Well it looks like im not the only one here who's looking for help. Not quite what i was looking for FYF, but thank you so much for trying. It looked really great.


----------



## TwistedDementia (May 2, 2007)

I've designed about 8 web sites, some for companies and myself and would love to set you all up for free but I have no idea what would be the best way to do it? I used to host with IX web hosting when I had 4 sites but I've down graded to only one site, My TD haunt site and I'm now with GoDaddy. If you wan't to know what programs I use to create and upload/update the sites just let me know. If I get time I try to post a simple how to so you all can get started but it will take some time.


----------



## Bodybagging (May 8, 2006)

well you guys just know im going to say contact, www.Redcrowdesign.net tell him I sent you and he will slice you a good price! Youve seen my site, and if not check it out again..... as Reference to what he can do for you.... www.bodybagging.com


----------



## DeathTouch (Sep 6, 2005)

I know the guy from NYHaunts helped me with my banner.

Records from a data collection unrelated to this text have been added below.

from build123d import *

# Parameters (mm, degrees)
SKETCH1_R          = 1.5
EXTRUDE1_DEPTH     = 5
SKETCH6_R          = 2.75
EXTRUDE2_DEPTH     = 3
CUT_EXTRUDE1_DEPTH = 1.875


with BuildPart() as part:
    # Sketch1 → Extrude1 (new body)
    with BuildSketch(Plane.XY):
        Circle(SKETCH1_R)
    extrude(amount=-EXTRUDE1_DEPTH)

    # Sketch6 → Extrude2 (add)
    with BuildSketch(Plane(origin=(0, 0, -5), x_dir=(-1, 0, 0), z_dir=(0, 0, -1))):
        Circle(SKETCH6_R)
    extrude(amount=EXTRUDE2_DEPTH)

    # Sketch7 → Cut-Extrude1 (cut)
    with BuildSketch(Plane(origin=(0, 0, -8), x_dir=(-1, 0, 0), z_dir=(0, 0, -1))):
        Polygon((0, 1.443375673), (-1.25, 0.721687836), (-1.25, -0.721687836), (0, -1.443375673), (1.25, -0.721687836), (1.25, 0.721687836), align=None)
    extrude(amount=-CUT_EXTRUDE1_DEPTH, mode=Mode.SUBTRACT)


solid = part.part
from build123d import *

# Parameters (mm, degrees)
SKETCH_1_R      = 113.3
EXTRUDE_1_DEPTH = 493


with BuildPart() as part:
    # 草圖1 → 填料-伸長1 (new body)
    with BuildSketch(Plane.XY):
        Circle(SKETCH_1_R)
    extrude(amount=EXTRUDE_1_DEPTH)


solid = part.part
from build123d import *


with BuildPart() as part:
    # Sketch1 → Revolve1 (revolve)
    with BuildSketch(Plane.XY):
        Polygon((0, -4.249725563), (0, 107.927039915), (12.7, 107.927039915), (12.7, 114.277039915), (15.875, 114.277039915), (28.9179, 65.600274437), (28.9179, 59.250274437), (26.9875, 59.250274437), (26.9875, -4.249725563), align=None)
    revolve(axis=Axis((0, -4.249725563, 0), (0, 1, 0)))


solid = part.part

He did an awesome job too. You might want to PM him.


----------



## turtle2778 (Jul 9, 2006)

I checked out that site Bodybagging...WOW cool stuff. A little scarier than i was looking for. I did like the one for humas which said somethings shold be left under ground...i thought it would be funny to have a turtle pop up all scary looking.


----------



## Front Yard Fright (Dec 23, 2005)

Well I was looking around my computer and I found an image of a turtle...
And I remembered you were looking for a banner of some sorts...
So I made yet another thing for ya...








As I stated before...
If ya like it, great.
If not...
You can't say i didnt' try!


----------



## Hauntiholik (May 17, 2006)

I like it FYF


----------



## Front Yard Fright (Dec 23, 2005)

Thank ya Haunti!
.


----------



## Zombie-F (Apr 12, 2004)

I like it too FYF. Very elegant in appearance. Nice choice of font.


----------



## Fangs (Jun 6, 2006)

I also like that banner FYF! Really like the font!! :>


----------



## turtle2778 (Jul 9, 2006)

HEY!!! I like it tooooooo. LOL. That was cool. How did ya make the banner? I like how the words keep switching. Nice job.


----------



## Lagrousome (Apr 12, 2007)

Het Turtle...and anyone else not computer savy in making web sites. I just bought WebEasy 6 at Office Max...I think it was like $50 or $60. Pretty dang easy. It's a WYSIWYG type program. I'm hoping now to make a "real" website! Wish me luck and I'll link when it's actually up and running. I previewed it so far on the "web", and it looks just like what I put together in the program. Just drop and add and it works......


----------



## HalloweenZombie (Jul 22, 2007)

I just bought WebEasy 6 as well. It came with a Flash program called Motion Artist. It cost me between $50 and $60 bucks too, but it's a lot cheaper than paying someone to do your website. I have installed it, but haven't had a chance to seriously build my website yet, so I can't give you a review or suggestions. I probably won't get a chance until Halloween to work with it (it's crunch time), but it does look fairly easy. It comes with a tutorial, so it will actually teach you how to make your website as you go.


----------